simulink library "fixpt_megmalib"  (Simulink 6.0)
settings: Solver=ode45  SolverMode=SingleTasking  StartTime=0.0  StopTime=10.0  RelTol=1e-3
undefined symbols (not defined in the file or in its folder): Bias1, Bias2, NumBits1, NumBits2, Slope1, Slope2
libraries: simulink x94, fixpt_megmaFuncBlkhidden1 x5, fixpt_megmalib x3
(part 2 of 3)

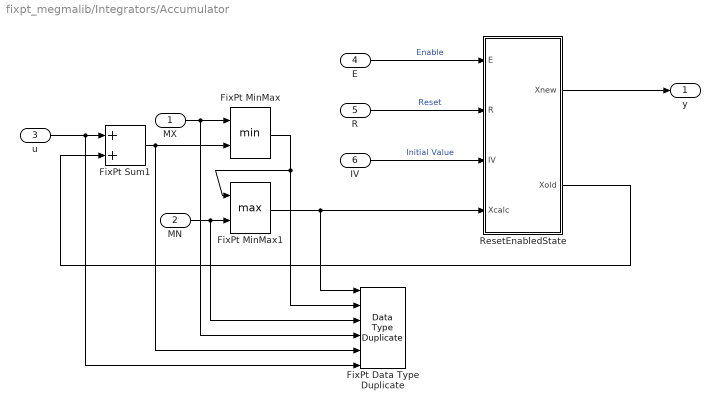
== system fixpt_megmalib/Integrators/Accumulator ==
  MX : Inport  LatchInput=off
  MN : Inport  Port=2  LatchInput=off
  u : Inport  Port=3  LatchInput=off
  E : Inport  Port=4  LatchInput=off
  R : Inport  Port=5  LatchInput=off
  IV : Inport  Port=6  LatchInput=off
  FixPt Data Type Duplicate : simulink/Signal Attributes/Data Type Duplicate  NumInputPorts=6
  FixPt MinMax : MinMax  Inputs=2  OutScaling=2^-10  ZeroCross=off
  FixPt MinMax1 : MinMax  Function=max  Inputs=2  OutScaling=2^-10  ZeroCross=off
  FixPt Sum1 : Sum  OutDataType=uint(4)  OutScaling=1  LockScale=on
  ResetEnabledState : Subsystem  PropExecContextAcrossSSBoundary=on
  y : Outport
  wires:
  ResetEnabledState/2(Xold) -> FixPt Sum1/2
  ResetEnabledState/1(Xnew) -> y/1
  IV/1 -> ResetEnabledState/3(IV)  "Initial Value"
  E/1 -> ResetEnabledState/1(E)  "Enable"
  R/1 -> ResetEnabledState/2(R)  "Reset"
  FixPt MinMax1/1 -> FixPt Data Type Duplicate/1, ResetEnabledState/4(Xcalc)
  MN/1 -> FixPt Data Type Duplicate/3, FixPt MinMax1/2
  FixPt MinMax/1 -> FixPt Data Type Duplicate/2, FixPt MinMax1/1
  MX/1 -> FixPt Data Type Duplicate/4, FixPt MinMax/1
  FixPt Sum1/1 -> FixPt Data Type Duplicate/5, FixPt MinMax/2
  u/1 -> FixPt Data Type Duplicate/6, FixPt Sum1/1

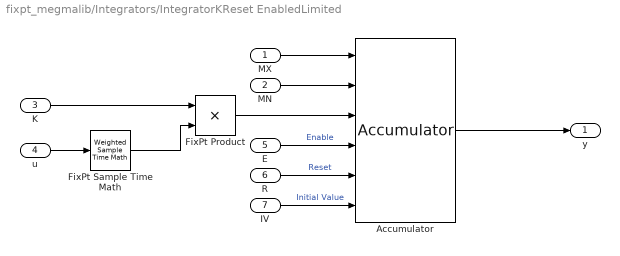
== system fixpt_megmalib/Integrators/IntegratorKReset EnabledLimited ==
  MX : Inport  LatchInput=off
  MN : Inport  Port=2  LatchInput=off
  K : Inport  Port=3  LatchInput=off
  u : Inport  Port=4  LatchInput=off
  E : Inport  Port=5  LatchInput=off
  R : Inport  Port=6  LatchInput=off
  IV : Inport  Port=7  LatchInput=off
  Accumulator : fixpt_megmalib/Integrators/Accumulator
  FixPt Product : Product  OutScaling=2^-10
  FixPt Sample Time Math : simulink/Math Operations/Weighted Sample Time Math  TsampMathOp=*  weightValue=1.0  TsampMathImp=Online Calculations  DoSatur=off
  y : Outport
  wires:
  Accumulator/1 -> y/1
  K/1 -> FixPt Product/1
  FixPt Sample Time Math/1 -> FixPt Product/2
  u/1 -> FixPt Sample Time Math/1
  FixPt Product/1 -> Accumulator/3
  MX/1 -> Accumulator/1
  MN/1 -> Accumulator/2
  R/1 -> Accumulator/5  "Reset"
  E/1 -> Accumulator/4  "Enable"
  IV/1 -> Accumulator/6  "Initial Value"

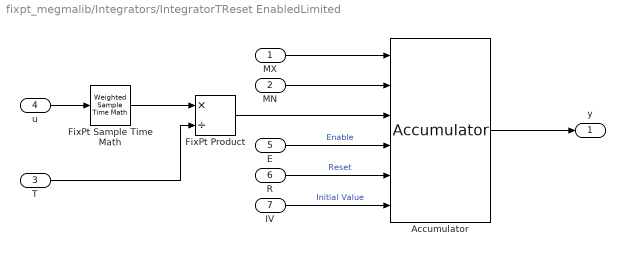
== system fixpt_megmalib/Integrators/IntegratorTReset EnabledLimited ==
  MX : Inport  LatchInput=off
  MN : Inport  Port=2  LatchInput=off
  T : Inport  Port=3  LatchInput=off
  u : Inport  Port=4  LatchInput=off
  E : Inport  Port=5  LatchInput=off
  R : Inport  Port=6  LatchInput=off
  IV : Inport  Port=7  LatchInput=off
  Accumulator : fixpt_megmalib/Integrators/Accumulator
  FixPt Product : Product  Inputs=*/  OutScaling=2^-10
  FixPt Sample Time Math : simulink/Math Operations/Weighted Sample Time Math  TsampMathOp=*  weightValue=1.0  TsampMathImp=Online Calculations  DoSatur=off
  y : Outport
  wires:
  Accumulator/1 -> y/1
  FixPt Product/1 -> Accumulator/3
  MX/1 -> Accumulator/1
  MN/1 -> Accumulator/2
  R/1 -> Accumulator/5  "Reset"
  E/1 -> Accumulator/4  "Enable"
  IV/1 -> Accumulator/6  "Initial Value"
  u/1 -> FixPt Sample Time Math/1
  FixPt Sample Time Math/1 -> FixPt Product/1
  T/1 -> FixPt Product/2

== system fixpt_megmalib/Low and Highpass/DigitalLowPass ResetEnabled ==
  m : Inport  LatchInput=off
  U : Inport  Port=2  LatchInput=off
  E : Inport  Port=3  LatchInput=off
  R : Inport  Port=4  LatchInput=off
  IV : Inport  Port=5  LatchInput=off
  Combine Terms1 : Sum  Description=\nAdd in CPU  OutDataType=sfix(32)  OutScaling=2^-24
  Difference Inputs : Sum  Description=\nAdd in CPU  Inputs=+-  OutDataType=BaseType  OutScaling=1
  FixPt Data Type Duplicate : simulink/Signal Attributes/Data Type Duplicate  NumInputPorts=6
  FixPt Product : Product  OutScaling=2^-10
  ResetEnabledState : Subsystem  PropExecContextAcrossSSBoundary=on
  y : Outport
  wires:
  m/1 -> FixPt Product/1
  Difference Inputs/1 -> FixPt Data Type Duplicate/4, FixPt Product/2
  U/1 -> FixPt Data Type Duplicate/5, Difference Inputs/1  "U(k)"
  ResetEnabledState/2(Xold) -> FixPt Data Type Duplicate/1, Difference Inputs/2, Combine Terms1/2  "Xold"
  ResetEnabledState/1(Xnew) -> y/1  "Xnew"
  E/1 -> ResetEnabledState/1(E)  "Enable"
  IV/1 -> FixPt Data Type Duplicate/6, ResetEnabledState/3(IV)  "Initial Value"
  R/1 -> ResetEnabledState/2(R)  "Reset"
  Combine Terms1/1 -> FixPt Data Type Duplicate/2, ResetEnabledState/4(Xcalc)  "Y(k)"
  FixPt Product/1 -> FixPt Data Type Duplicate/3, Combine Terms1/1

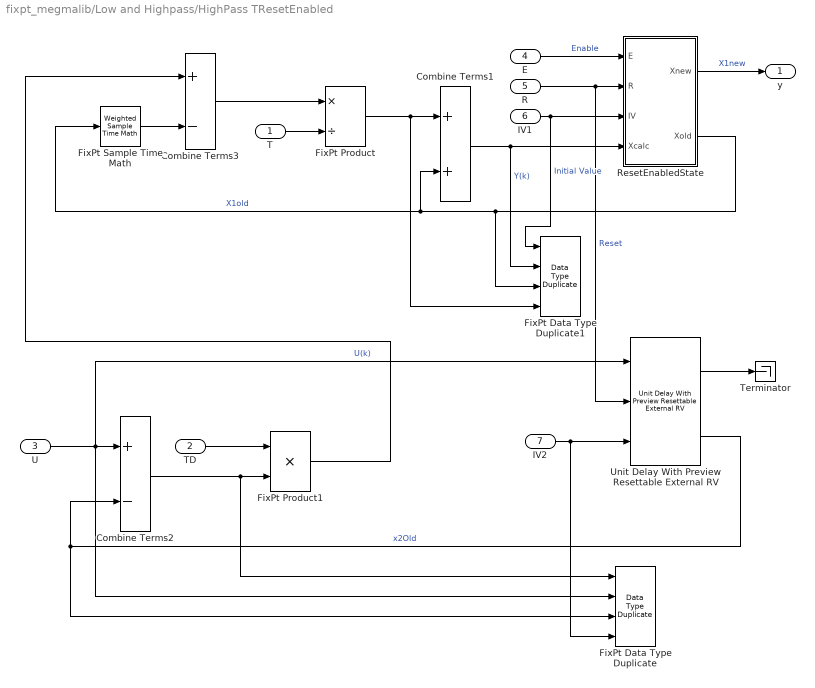
== system fixpt_megmalib/Low and Highpass/HighPass TResetEnabled ==
  T : Inport  LatchInput=off
  TD : Inport  Port=2  LatchInput=off
  U : Inport  Port=3  LatchInput=off
  E : Inport  Port=4  LatchInput=off
  R : Inport  Port=5  LatchInput=off
  IV1 : Inport  Port=6  LatchInput=off
  IV2 : Inport  Port=7  LatchInput=off
  Combine Terms1 : Sum  Description=\nAdd in CPU  OutDataType=sfix(32)  OutScaling=2^-24
  Combine Terms2 : Sum  Description=\nAdd in CPU  Inputs=+-  OutDataType=sfix(32)  OutScaling=2^-24
  Combine Terms3 : Sum  Description=\nAdd in CPU  Inputs=+-  OutDataType=sfix(32)  OutScaling=2^-24
  FixPt Data Type Duplicate : simulink/Signal Attributes/Data Type Duplicate  NumInputPorts=4
  FixPt Data Type Duplicate1 : simulink/Signal Attributes/Data Type Duplicate  NumInputPorts=4
  FixPt Product : Product  Inputs=*/  OutScaling=2^-10
  FixPt Product1 : Product  Inputs=**  OutScaling=2^-10
  FixPt Sample Time Math : simulink/Math Operations/Weighted Sample Time Math  TsampMathOp=*  weightValue=1.0  TsampMathImp=Online Calculations  DoSatur=off
  ResetEnabledState : Subsystem  PropExecContextAcrossSSBoundary=on
  Terminator : Terminator
  Unit Delay With Preview Resettable External RV : simulink/Additional Math & Discrete/Additional Discrete/Unit Delay With Preview Resettable External RV  vinit=0.0  tsamp=-1
  y : Outport
  wires:
  FixPt Product1/1 -> Combine Terms3/1
  FixPt Sample Time Math/1 -> Combine Terms3/2
  Combine Terms3/1 -> FixPt Product/1
  Combine Terms2/1 -> FixPt Data Type Duplicate/1, FixPt Product1/2
  TD/1 -> FixPt Product1/1
  Unit Delay With Preview Resettable External RV/2 -> FixPt Data Type Duplicate/3, Combine Terms2/2  "x2Old"
  ResetEnabledState/2(Xold) -> FixPt Data Type Duplicate1/3, FixPt Sample Time Math/1, Combine Terms1/2  "X1old"
  Combine Terms1/1 -> FixPt Data Type Duplicate1/2, ResetEnabledState/4(Xcalc)  "Y(k)"
  T/1 -> FixPt Product/2
  IV2/1 -> FixPt Data Type Duplicate/4, Unit Delay With Preview Resettable External RV/3
  FixPt Product/1 -> FixPt Data Type Duplicate1/4, Combine Terms1/1
  R/1 -> ResetEnabledState/2(R), Unit Delay With Preview Resettable External RV/2  "Reset"
  IV1/1 -> FixPt Data Type Duplicate1/1, ResetEnabledState/3(IV)  "Initial Value"
  E/1 -> ResetEnabledState/1(E)  "Enable"
  ResetEnabledState/1(Xnew) -> y/1  "X1new"
  U/1 -> FixPt Data Type Duplicate/2, Combine Terms2/1, Unit Delay With Preview Resettable External RV/1  "U(k)"
  Unit Delay With Preview Resettable External RV/1 -> Terminator/1

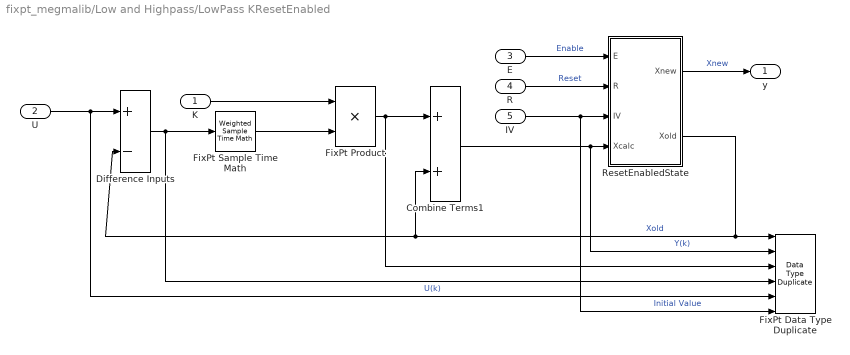
== system fixpt_megmalib/Low and Highpass/LowPass KResetEnabled ==
  K : Inport  LatchInput=off
  U : Inport  Port=2  LatchInput=off
  E : Inport  Port=3  LatchInput=off
  R : Inport  Port=4  LatchInput=off
  IV : Inport  Port=5  LatchInput=off
  Combine Terms1 : Sum  Description=\nAdd in CPU  OutDataType=sfix(32)  OutScaling=2^-24
  Difference Inputs : Sum  Description=\nAdd in CPU  Inputs=+-  OutDataType=BaseType  OutScaling=1
  FixPt Data Type Duplicate : simulink/Signal Attributes/Data Type Duplicate  NumInputPorts=6
  FixPt Product : Product  OutScaling=2^-10
  FixPt Sample Time Math : simulink/Math Operations/Weighted Sample Time Math  TsampMathOp=*  weightValue=1.0  TsampMathImp=Online Calculations  DoSatur=off
  ResetEnabledState : Subsystem  PropExecContextAcrossSSBoundary=on
  y : Outport
  wires:
  FixPt Sample Time Math/1 -> FixPt Product/2
  FixPt Product/1 -> Combine Terms1/1, FixPt Data Type Duplicate/3
  Combine Terms1/1 -> FixPt Data Type Duplicate/2, ResetEnabledState/4(Xcalc)  "Y(k)"
  R/1 -> ResetEnabledState/2(R)  "Reset"
  IV/1 -> FixPt Data Type Duplicate/6, ResetEnabledState/3(IV)  "Initial Value"
  E/1 -> ResetEnabledState/1(E)  "Enable"
  ResetEnabledState/1(Xnew) -> y/1  "Xnew"
  ResetEnabledState/2(Xold) -> Combine Terms1/2, Difference Inputs/2, FixPt Data Type Duplicate/1  "Xold"
  U/1 -> Difference Inputs/1, FixPt Data Type Duplicate/5  "U(k)"
  Difference Inputs/1 -> FixPt Data Type Duplicate/4, FixPt Sample Time Math/1
  K/1 -> FixPt Product/1

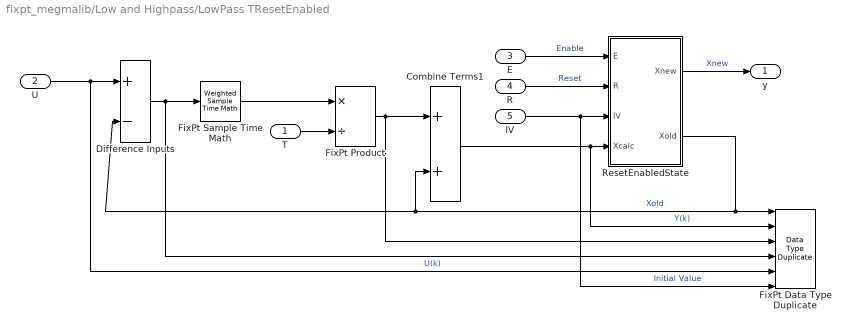
== system fixpt_megmalib/Low and Highpass/LowPass TResetEnabled ==
  T : Inport  LatchInput=off
  U : Inport  Port=2  LatchInput=off
  E : Inport  Port=3  LatchInput=off
  R : Inport  Port=4  LatchInput=off
  IV : Inport  Port=5  LatchInput=off
  Combine Terms1 : Sum  Description=\nAdd in CPU  OutDataType=sfix(32)  OutScaling=2^-24
  Difference Inputs : Sum  Description=\nAdd in CPU  Inputs=+-  OutDataType=BaseType  OutScaling=1
  FixPt Data Type Duplicate : simulink/Signal Attributes/Data Type Duplicate  NumInputPorts=6
  FixPt Product : Product  Inputs=*/  OutScaling=2^-10
  FixPt Sample Time Math : simulink/Math Operations/Weighted Sample Time Math  TsampMathOp=*  weightValue=1.0  TsampMathImp=Online Calculations  DoSatur=off
  ResetEnabledState : Subsystem  PropExecContextAcrossSSBoundary=on
  y : Outport
  wires:
  T/1 -> FixPt Product/2
  Difference Inputs/1 -> FixPt Sample Time Math/1, FixPt Data Type Duplicate/4
  U/1 -> FixPt Data Type Duplicate/5, Difference Inputs/1  "U(k)"
  ResetEnabledState/2(Xold) -> FixPt Data Type Duplicate/1, Difference Inputs/2, Combine Terms1/2  "Xold"
  ResetEnabledState/1(Xnew) -> y/1  "Xnew"
  E/1 -> ResetEnabledState/1(E)  "Enable"
  IV/1 -> FixPt Data Type Duplicate/6, ResetEnabledState/3(IV)  "Initial Value"
  R/1 -> ResetEnabledState/2(R)  "Reset"
  Combine Terms1/1 -> FixPt Data Type Duplicate/2, ResetEnabledState/4(Xcalc)  "Y(k)"
  FixPt Product/1 -> FixPt Data Type Duplicate/3, Combine Terms1/1
  FixPt Sample Time Math/1 -> FixPt Product/1

== system fixpt_megmalib/Mathematical Functions/Configurable Subsystem ==
  In1 : Inport  LatchInput=off
  Sine : fixpt_megmaFuncBlkhidden1/Sine  yData=[1 2 3]  xData=[1 2 3]  Recompute=Compute Always  Spacing='pow2'  Nptsmax=[]  ErrMax=0.01  RndMeth='floor'  yScale=2^-5  xScale=2^-5  yDt=sfix(16)  xDt=sfix(16)  xmax=2*pi  xmin=0
  Out1 : Outport
  wires:
  In1/1 -> Sine/1
  Sine/1 -> Out1/1

== system fixpt_megmalib/Mathematical Functions/Configurable Subsystem1 ==
  In1 : Inport  LatchInput=off
  Cosine : fixpt_megmaFuncBlkhidden1/Cosine  yData=[1 2 3]  xData=[1 2 3]  Recompute=Compute Always  yData_nonvisible=[1;0.999511758485136;0.998047510700099;0.995608686458002;0.992197667229329;0.987817783816472;0.982473313101255;0.976169473868635;0.968912421710645;0.960709243015562;0.951567948048172;0.941497463127881;0.930507621912314;0.918609155794918;0.905813683425936;0.892133699366994;0.877582561890373;0.86217447993488;0.845924499231068;0.828848487609326;0.810963119505218;0.792285859677179;0.772834946152472;0.752629372418066;0.731688868873821;0.71003388356608;0.687685562220505;0.664665727593633;0.640996858163325;0.616702066178912;0.591805075092477;0.566330196393309;0.54030230586814;0.513746819310368;0.486689667701963;0.459157271892304;0.431176516798666;0.402774725153557;0.373979630824533;0.344819351732545;0.315322362395269;0.28551746612222;0.255433766888812;0.225100640916817;0.194547707988987;0.163804802525833;0.132901944452825;0.101869309886441;0.0707372016677029;0.0395360197719658;0.00829623162385838;-0.0229516576536404;-0.0541771350269363;-0.0853497093472792;-0.116438941124852;-0.147414472252418;-0.178246055649492;-0.208903584798109;-0.239357123141322;-0.269576933315742;-0.299533506189574;-0.329197589677777;-0.358540217306233;-0.387532736497014;-0.416146836547142;-0.444354576273508;-0.47212841129696;-0.499441220938929;-0.526266334704305;-0.552577558324725;-0.578349199336833;-0.603556092170533;-0.628173622722739;-0.652177752392634;-0.675545041554953;-0.698252672448376;-0.720278471456692;-0.741600930760952;-0.762199229341495;-0.782053253309314;-0.801143615546934;-0.819451674639598;-0.836959553078294;-0.853650154716842;-0.869507181465984;-0.884515149208199;-0.898659402917676;-0.911926130970699;-0.924302378632464;-0.935776060707157;-0.946335973338945;-0.955971804952348;-0.964674146321316;-0.972434499757186;-0.979245287406521;-0.985099858650763;-0.989992496600445;-0.993918423677641;-0.996873806281181;-0.998855758530109;-0.999862345081687;-0.999892583021229;-0.9989464428219;-0.99702484837355;-0.994129676080546;-0.990263753029502;-0.98543085422867;-0.979635698921714;-0.972883945979446;-0.965182188374036;-0.956537946741083;-0.946959662035847;-0.936456687290796;-0.925039278482532;-0.912718584516998;-0.899506636342767;-0.88541633520302;-0.870461440037704;-0.85465655404816;-0.838017110437342;-0.820559357339561;-0.802300341954454;-0.783257893900684;-0.76345060780562;-0.742897825147999;-0.721619615371299;-0.699636756286272;-0.676970713781757;-0.653643620863612;-0.629678256042204;-0.605098021089583;-0.579926918188046;-0.554189526492417;-0.527910978128915;-0.501116933654064;-0.47383355699759;-0.446087489913793;-0.417905825966321;-0.38931608407177;-0.360346181627922;-0.331024407252887;-0.301379393161745;-0.271440087207671;-0.24123572461485;-0.21079579943078;-0.180150035725827;-0.149328358568183;-0.118360864802541;-0.0872777936610349;-0.0561094972351469;-0.0248864108374021;0.00636097671819611;0.0376021528879766;0.0688066111935807;0.0999438810110212;0.130983557324729;0.161895330417537;0.192649015467599;0.223214582023364;0.253562183327795;0.283662185463226;0.313485196288377;0.343002094139282;0.372184056266098;0.401002586978036;0.429429545468913;0.457437173296176;0.484998121486549;0.512085477241841;0.538672790218836;0.564734098357607;0.590243953233023;0.615177444904708;0.639510226241173;0.663218536694376;0.686279225501496;0.70866977429126;0.730368319072748;0.751353671585211;0.771605339988047;0.791103548870739;0.809829258563201;0.827764183727699;0.844890811214172;0.861192417161521;0.876653083328182;0.891257712636015;0.904992043912346;0.917842665815758;0.929797029932041;0.940843463027505;0.950971178447692;0.960170286650366;0.968431804862477;0.975747665851692;0.982110725803907;0.987514771299061;0.991954525378437;0.995425652697519;0.997924763759387;0.999449418224499;0.999998127293645]  xData_nonvisible=[0;0.03125;0.0625;0.09375;0.125;0.15625;0.1875;0.21875;0.25;0.28125;0.3125;0.34375;0.375;0.40625;0.4375;0.46875;0.5;0.53125;0.5625;0.59375;0.625;0.65625;0.6875;0.71875;0.75;0.78125;0.8125;0.84375;0.875;0.90625;0.9375;0.96875;1;1.03125;1.0625;1.09375;1.125;1.15625;1.1875;1.21875;1.25;1.28125;1.3125;1.34375;1.375;1.40625;1.4375;1.46875;1.5;1.53125;1.5625;1.59375;1.625;1.65625;1.6875;1.71875;1.75;1.78125;1.8125;1.84375;1.875;1.90625;1.9375;1.96875;2;2.03125;2.0625;2.09375;2.125;2.15625;2.1875;2.21875;2.25;2.28125;2.3125;2.34375;2.375;2.40625;2.4375;2.46875;2.5;2.53125;2.5625;2.59375;2.625;2.65625;2.6875;2.71875;2.75;2.78125;2.8125;2.84375;2.875;2.90625;2.9375;2.96875;3;3.03125;3.0625;3.09375;3.125;3.15625;3.1875;3.21875;3.25;3.28125;3.3125;3.34375;3.375;3.40625;3.4375;3.46875;3.5;3.53125;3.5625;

Task brief: With the pictures omitted, copy the entries above exactly from the line containing "undefined symbols (not" through the line containing "FixPt MinMax : MinMax", both lines included.

Response below:
undefined symbols (not defined in the file or in its folder): Bias1, Bias2, NumBits1, NumBits2, Slope1, Slope2
libraries: simulink x94, fixpt_megmaFuncBlkhidden1 x5, fixpt_megmalib x3
(part 2 of 3)

== system fixpt_megmalib/Integrators/Accumulator ==
  MX : Inport  LatchInput=off
  MN : Inport  Port=2  LatchInput=off
  u : Inport  Port=3  LatchInput=off
  E : Inport  Port=4  LatchInput=off
  R : Inport  Port=5  LatchInput=off
  IV : Inport  Port=6  LatchInput=off
  FixPt Data Type Duplicate : simulink/Signal Attributes/Data Type Duplicate  NumInputPorts=6
  FixPt MinMax : MinMax  Inputs=2  OutScaling=2^-10  ZeroCross=off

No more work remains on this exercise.